Go through the data and report each line that holds the string "lineweight".

[[ EXTRACTED INFORMATION open ]]

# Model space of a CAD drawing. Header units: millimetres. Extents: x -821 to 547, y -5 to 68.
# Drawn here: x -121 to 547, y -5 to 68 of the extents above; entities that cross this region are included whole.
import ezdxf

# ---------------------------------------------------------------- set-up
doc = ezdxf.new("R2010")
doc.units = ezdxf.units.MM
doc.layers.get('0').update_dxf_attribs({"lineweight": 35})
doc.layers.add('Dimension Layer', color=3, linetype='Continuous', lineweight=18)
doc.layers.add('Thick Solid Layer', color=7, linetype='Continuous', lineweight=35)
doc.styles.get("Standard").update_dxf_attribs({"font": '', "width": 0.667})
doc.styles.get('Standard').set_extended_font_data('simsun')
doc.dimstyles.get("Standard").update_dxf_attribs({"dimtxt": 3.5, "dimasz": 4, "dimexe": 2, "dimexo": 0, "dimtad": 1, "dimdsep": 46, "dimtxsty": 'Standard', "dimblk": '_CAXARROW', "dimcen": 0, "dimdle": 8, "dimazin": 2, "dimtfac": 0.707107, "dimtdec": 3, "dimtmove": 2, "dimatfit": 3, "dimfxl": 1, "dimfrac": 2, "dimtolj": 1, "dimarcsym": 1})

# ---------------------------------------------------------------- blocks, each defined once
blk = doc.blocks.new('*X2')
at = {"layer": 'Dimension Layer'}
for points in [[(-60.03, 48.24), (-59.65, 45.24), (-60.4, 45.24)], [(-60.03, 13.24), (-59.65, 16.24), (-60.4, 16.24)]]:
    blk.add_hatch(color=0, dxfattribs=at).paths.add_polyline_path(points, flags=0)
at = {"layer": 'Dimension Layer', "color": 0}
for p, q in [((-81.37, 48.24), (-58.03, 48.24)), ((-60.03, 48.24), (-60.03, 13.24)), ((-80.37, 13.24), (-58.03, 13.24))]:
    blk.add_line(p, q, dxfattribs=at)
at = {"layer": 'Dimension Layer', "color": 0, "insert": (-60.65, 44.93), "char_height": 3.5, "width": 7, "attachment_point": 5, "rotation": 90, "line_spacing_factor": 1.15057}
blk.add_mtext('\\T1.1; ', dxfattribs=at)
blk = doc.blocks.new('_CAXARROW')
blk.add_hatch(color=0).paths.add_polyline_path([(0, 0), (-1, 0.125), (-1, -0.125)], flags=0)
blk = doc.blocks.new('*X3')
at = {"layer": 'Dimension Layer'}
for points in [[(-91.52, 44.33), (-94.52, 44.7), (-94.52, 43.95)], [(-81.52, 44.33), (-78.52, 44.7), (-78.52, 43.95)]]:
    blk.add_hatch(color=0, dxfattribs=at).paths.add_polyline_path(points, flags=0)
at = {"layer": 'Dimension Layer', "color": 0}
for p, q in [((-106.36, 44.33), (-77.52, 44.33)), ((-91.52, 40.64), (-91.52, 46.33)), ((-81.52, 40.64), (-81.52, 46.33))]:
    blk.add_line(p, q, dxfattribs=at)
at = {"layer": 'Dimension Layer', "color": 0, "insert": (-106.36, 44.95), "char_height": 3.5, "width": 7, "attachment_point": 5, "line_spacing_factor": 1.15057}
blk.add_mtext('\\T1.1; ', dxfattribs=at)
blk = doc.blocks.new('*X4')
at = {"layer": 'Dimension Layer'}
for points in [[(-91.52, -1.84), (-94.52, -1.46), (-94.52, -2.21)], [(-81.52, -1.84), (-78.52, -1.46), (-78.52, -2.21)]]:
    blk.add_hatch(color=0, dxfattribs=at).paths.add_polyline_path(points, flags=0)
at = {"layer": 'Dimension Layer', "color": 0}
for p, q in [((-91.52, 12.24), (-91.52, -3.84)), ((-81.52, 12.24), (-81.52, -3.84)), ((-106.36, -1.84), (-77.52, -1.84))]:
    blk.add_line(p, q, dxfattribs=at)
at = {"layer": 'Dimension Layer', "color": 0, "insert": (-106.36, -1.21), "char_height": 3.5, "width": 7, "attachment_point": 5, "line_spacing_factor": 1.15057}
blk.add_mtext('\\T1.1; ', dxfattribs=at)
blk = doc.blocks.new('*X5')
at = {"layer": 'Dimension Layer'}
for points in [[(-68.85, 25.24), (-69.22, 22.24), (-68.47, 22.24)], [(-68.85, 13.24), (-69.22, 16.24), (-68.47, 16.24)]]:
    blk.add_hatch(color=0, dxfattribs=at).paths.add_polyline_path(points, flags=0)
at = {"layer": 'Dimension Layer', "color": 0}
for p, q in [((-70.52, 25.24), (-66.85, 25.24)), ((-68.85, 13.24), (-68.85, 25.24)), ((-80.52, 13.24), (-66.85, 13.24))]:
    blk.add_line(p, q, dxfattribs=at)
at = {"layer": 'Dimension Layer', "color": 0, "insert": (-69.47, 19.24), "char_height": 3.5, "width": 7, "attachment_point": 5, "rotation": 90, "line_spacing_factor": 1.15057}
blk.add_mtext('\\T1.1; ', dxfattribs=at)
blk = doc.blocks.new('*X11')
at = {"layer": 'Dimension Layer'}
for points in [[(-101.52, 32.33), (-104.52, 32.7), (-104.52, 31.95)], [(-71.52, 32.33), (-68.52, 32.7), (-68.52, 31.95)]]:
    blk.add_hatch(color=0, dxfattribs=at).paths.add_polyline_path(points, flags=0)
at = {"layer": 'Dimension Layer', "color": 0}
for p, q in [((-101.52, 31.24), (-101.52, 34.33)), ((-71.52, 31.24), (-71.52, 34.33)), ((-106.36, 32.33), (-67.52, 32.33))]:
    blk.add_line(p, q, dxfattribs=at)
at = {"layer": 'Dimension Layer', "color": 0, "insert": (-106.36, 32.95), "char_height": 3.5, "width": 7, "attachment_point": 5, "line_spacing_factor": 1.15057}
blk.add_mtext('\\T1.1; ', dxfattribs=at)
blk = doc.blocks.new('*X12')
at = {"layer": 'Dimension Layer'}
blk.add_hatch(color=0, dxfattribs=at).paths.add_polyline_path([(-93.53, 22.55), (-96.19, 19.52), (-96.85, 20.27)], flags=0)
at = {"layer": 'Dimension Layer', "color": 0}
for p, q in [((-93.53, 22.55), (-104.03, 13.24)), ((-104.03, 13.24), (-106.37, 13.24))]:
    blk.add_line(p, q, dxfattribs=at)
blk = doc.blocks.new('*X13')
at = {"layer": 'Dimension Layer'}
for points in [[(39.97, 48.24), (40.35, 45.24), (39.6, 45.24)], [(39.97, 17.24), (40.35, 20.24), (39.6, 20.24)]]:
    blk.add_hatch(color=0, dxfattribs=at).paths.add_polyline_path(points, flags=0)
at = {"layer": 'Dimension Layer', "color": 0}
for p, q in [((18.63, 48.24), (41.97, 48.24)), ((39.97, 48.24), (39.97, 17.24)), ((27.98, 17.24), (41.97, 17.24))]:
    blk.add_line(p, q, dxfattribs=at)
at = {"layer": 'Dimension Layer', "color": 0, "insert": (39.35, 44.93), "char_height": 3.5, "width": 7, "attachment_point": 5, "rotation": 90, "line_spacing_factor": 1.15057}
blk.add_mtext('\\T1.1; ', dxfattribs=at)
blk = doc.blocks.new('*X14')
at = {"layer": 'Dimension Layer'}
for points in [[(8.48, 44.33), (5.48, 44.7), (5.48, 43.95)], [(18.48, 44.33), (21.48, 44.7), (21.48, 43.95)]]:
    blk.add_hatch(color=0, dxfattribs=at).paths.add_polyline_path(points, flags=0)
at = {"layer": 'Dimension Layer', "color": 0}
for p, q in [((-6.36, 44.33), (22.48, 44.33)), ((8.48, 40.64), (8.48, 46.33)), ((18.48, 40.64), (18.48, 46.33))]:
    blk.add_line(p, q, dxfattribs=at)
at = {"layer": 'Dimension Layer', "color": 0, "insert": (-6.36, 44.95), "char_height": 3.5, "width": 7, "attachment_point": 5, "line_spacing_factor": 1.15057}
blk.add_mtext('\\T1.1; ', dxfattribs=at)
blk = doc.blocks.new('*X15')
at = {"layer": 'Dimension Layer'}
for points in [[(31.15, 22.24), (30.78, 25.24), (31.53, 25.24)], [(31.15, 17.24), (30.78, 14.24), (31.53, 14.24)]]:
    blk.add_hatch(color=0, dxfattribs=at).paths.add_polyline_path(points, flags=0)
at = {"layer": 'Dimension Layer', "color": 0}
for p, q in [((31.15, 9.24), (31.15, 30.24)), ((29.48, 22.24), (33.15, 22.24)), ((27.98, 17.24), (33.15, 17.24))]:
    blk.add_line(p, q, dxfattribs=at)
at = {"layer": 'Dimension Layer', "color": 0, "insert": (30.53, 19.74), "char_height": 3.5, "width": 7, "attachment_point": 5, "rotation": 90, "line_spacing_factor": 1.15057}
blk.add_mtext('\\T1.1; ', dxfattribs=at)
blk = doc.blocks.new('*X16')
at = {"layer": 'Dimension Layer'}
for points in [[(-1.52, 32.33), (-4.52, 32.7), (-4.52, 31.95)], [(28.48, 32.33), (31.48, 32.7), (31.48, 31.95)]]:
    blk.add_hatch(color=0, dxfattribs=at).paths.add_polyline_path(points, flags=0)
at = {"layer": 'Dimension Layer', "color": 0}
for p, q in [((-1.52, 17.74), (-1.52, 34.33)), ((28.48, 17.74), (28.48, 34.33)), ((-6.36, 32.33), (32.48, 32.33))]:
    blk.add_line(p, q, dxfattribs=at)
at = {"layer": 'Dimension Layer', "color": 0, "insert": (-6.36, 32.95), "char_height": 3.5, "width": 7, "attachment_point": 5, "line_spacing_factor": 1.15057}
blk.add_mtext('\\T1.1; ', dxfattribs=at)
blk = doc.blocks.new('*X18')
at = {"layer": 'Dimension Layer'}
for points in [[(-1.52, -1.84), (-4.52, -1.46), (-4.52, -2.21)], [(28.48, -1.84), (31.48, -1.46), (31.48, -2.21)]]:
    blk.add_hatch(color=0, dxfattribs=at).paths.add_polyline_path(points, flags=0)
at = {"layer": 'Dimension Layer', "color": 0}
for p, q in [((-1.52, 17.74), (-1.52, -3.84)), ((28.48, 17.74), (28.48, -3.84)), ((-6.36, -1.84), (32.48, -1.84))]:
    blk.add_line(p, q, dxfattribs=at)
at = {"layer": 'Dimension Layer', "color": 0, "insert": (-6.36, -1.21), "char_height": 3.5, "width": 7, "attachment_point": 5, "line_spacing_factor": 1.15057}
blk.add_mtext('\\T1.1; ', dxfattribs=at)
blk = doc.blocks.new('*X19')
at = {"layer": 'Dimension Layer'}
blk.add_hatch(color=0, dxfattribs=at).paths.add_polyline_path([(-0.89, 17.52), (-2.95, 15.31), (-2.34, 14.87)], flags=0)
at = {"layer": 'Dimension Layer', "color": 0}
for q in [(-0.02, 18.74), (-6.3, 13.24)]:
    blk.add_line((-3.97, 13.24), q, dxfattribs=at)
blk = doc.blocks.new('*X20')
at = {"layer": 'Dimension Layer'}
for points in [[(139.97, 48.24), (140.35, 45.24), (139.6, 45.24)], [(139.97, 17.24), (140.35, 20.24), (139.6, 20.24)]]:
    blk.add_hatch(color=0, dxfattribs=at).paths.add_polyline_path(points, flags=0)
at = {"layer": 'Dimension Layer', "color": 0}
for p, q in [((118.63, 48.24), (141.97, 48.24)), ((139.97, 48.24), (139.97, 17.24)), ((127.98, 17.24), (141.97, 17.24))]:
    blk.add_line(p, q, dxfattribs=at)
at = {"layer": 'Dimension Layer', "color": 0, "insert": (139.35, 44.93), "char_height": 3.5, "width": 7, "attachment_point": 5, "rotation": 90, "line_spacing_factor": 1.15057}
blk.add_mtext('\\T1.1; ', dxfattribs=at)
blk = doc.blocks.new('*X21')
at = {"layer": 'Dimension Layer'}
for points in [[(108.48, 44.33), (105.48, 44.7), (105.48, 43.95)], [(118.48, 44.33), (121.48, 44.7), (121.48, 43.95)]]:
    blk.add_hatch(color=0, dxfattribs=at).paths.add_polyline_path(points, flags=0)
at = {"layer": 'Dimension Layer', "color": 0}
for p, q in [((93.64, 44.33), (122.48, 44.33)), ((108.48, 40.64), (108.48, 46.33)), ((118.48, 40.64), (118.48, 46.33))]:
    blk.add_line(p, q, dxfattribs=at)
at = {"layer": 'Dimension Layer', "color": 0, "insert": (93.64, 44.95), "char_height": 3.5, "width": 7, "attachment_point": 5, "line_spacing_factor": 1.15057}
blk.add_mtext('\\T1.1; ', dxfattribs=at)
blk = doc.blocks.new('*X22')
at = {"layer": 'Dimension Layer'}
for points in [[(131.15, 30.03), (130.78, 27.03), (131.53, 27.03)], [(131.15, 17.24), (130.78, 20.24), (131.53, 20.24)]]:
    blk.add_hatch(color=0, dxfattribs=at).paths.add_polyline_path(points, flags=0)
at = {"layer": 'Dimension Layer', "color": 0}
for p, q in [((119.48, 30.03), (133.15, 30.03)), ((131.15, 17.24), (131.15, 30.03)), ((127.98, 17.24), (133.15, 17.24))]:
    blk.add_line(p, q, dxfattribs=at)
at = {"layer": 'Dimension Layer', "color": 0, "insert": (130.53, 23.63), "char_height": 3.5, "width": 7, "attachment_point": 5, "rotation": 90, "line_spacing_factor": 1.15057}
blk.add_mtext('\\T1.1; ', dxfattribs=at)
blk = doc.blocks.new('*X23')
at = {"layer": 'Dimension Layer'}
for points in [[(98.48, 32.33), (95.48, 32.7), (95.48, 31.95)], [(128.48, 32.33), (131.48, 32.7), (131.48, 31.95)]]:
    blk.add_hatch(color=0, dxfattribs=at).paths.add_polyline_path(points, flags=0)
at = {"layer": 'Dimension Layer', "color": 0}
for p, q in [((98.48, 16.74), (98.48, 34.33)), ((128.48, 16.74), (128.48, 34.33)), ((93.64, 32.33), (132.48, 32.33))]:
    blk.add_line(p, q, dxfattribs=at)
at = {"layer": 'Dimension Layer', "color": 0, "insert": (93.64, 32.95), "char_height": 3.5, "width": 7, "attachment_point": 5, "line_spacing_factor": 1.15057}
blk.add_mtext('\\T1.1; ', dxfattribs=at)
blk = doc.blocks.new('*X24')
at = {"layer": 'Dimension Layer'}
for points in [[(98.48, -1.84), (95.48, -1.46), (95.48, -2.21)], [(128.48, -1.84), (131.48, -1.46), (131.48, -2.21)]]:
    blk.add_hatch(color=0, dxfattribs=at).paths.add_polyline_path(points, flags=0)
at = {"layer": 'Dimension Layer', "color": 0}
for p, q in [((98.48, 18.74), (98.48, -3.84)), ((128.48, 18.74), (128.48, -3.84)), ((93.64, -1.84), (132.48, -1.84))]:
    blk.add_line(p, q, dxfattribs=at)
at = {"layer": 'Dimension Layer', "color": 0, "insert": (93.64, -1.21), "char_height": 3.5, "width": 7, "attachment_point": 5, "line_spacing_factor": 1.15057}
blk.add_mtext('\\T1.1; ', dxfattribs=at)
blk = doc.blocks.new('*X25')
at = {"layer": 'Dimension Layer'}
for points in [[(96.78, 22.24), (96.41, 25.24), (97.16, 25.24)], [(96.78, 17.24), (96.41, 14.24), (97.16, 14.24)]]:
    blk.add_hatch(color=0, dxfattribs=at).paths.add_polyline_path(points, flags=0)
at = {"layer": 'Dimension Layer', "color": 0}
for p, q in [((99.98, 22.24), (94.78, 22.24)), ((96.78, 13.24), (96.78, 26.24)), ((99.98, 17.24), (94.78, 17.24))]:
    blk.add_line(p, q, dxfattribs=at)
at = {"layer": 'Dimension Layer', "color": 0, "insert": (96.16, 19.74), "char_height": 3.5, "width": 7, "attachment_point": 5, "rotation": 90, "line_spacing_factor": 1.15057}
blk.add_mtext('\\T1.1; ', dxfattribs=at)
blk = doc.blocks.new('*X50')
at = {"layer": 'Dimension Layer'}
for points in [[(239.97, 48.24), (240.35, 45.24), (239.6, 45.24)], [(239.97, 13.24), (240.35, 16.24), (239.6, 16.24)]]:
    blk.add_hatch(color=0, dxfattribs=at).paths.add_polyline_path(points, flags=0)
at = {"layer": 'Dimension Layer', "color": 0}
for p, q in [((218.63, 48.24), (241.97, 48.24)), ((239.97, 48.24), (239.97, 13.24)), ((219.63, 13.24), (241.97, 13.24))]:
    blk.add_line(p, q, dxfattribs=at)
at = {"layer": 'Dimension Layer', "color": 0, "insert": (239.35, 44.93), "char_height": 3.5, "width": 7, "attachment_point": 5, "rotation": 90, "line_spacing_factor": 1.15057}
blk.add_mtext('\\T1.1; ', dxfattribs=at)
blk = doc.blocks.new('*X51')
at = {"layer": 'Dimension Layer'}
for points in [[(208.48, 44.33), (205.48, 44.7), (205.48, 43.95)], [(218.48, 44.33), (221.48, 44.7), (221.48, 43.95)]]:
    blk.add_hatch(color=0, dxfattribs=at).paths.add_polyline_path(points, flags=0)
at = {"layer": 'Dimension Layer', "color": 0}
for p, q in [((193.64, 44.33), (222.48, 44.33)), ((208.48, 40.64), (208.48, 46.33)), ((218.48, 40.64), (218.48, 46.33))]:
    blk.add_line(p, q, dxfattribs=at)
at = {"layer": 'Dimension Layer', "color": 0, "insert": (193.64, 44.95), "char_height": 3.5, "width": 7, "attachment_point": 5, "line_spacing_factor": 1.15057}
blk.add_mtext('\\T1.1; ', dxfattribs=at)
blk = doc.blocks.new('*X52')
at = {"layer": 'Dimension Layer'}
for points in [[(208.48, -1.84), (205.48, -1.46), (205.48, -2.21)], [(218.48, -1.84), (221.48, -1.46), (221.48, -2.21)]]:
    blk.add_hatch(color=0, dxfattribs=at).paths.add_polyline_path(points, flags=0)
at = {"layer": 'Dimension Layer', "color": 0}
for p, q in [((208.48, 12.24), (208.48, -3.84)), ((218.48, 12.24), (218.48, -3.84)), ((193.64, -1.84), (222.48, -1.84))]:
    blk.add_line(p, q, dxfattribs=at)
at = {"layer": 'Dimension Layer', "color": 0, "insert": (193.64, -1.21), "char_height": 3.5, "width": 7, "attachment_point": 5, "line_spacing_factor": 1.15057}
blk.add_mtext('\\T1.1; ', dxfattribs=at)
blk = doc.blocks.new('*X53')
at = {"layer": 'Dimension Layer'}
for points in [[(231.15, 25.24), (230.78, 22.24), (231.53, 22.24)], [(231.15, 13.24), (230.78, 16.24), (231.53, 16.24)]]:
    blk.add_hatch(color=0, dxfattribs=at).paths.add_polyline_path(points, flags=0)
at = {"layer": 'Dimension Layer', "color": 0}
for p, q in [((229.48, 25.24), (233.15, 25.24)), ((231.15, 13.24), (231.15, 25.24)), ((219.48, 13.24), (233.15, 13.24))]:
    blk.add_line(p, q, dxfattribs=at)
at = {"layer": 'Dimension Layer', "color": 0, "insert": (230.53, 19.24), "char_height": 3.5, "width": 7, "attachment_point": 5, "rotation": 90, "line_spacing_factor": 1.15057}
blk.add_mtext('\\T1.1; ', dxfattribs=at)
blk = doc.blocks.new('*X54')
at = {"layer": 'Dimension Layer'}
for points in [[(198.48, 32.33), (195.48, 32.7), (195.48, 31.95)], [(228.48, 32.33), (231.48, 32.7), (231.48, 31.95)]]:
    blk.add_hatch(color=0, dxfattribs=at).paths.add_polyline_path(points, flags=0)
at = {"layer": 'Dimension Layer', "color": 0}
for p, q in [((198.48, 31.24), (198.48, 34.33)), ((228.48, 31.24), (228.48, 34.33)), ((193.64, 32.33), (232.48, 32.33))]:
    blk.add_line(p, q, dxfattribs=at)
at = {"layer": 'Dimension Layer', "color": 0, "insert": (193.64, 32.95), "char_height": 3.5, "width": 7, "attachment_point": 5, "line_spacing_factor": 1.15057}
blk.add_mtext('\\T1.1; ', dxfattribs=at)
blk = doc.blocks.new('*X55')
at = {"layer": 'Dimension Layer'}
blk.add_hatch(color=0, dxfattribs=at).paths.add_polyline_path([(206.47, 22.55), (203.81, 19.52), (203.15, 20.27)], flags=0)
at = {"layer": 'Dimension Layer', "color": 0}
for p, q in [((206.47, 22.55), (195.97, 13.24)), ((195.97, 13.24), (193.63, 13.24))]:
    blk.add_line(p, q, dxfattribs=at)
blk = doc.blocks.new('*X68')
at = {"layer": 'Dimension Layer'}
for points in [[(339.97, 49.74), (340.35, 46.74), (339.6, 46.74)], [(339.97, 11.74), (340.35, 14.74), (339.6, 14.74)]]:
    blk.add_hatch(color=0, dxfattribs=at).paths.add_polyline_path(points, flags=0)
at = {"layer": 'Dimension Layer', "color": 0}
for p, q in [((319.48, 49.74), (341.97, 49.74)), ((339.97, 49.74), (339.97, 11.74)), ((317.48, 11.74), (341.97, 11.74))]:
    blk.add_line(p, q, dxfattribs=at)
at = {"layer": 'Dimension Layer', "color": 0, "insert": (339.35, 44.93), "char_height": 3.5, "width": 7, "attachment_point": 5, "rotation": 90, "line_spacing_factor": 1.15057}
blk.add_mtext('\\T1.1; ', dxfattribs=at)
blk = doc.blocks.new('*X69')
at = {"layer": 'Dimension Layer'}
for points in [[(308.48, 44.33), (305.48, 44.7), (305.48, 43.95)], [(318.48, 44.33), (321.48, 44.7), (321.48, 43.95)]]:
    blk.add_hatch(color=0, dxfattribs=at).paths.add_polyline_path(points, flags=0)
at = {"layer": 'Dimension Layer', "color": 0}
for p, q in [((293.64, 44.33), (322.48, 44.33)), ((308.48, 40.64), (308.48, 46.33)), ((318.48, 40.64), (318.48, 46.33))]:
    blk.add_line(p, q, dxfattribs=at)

[[ EXTRACTED INFORMATION closed ]]

• [EXPECTED OUTPUT]:
doc.layers.get('0').update_dxf_attribs({"lineweight": 35})
doc.layers.add('Dimension Layer', color=3, linetype='Continuous', lineweight=18)
doc.layers.add('Thick Solid Layer', color=7, linetype='Continuous', lineweight=35)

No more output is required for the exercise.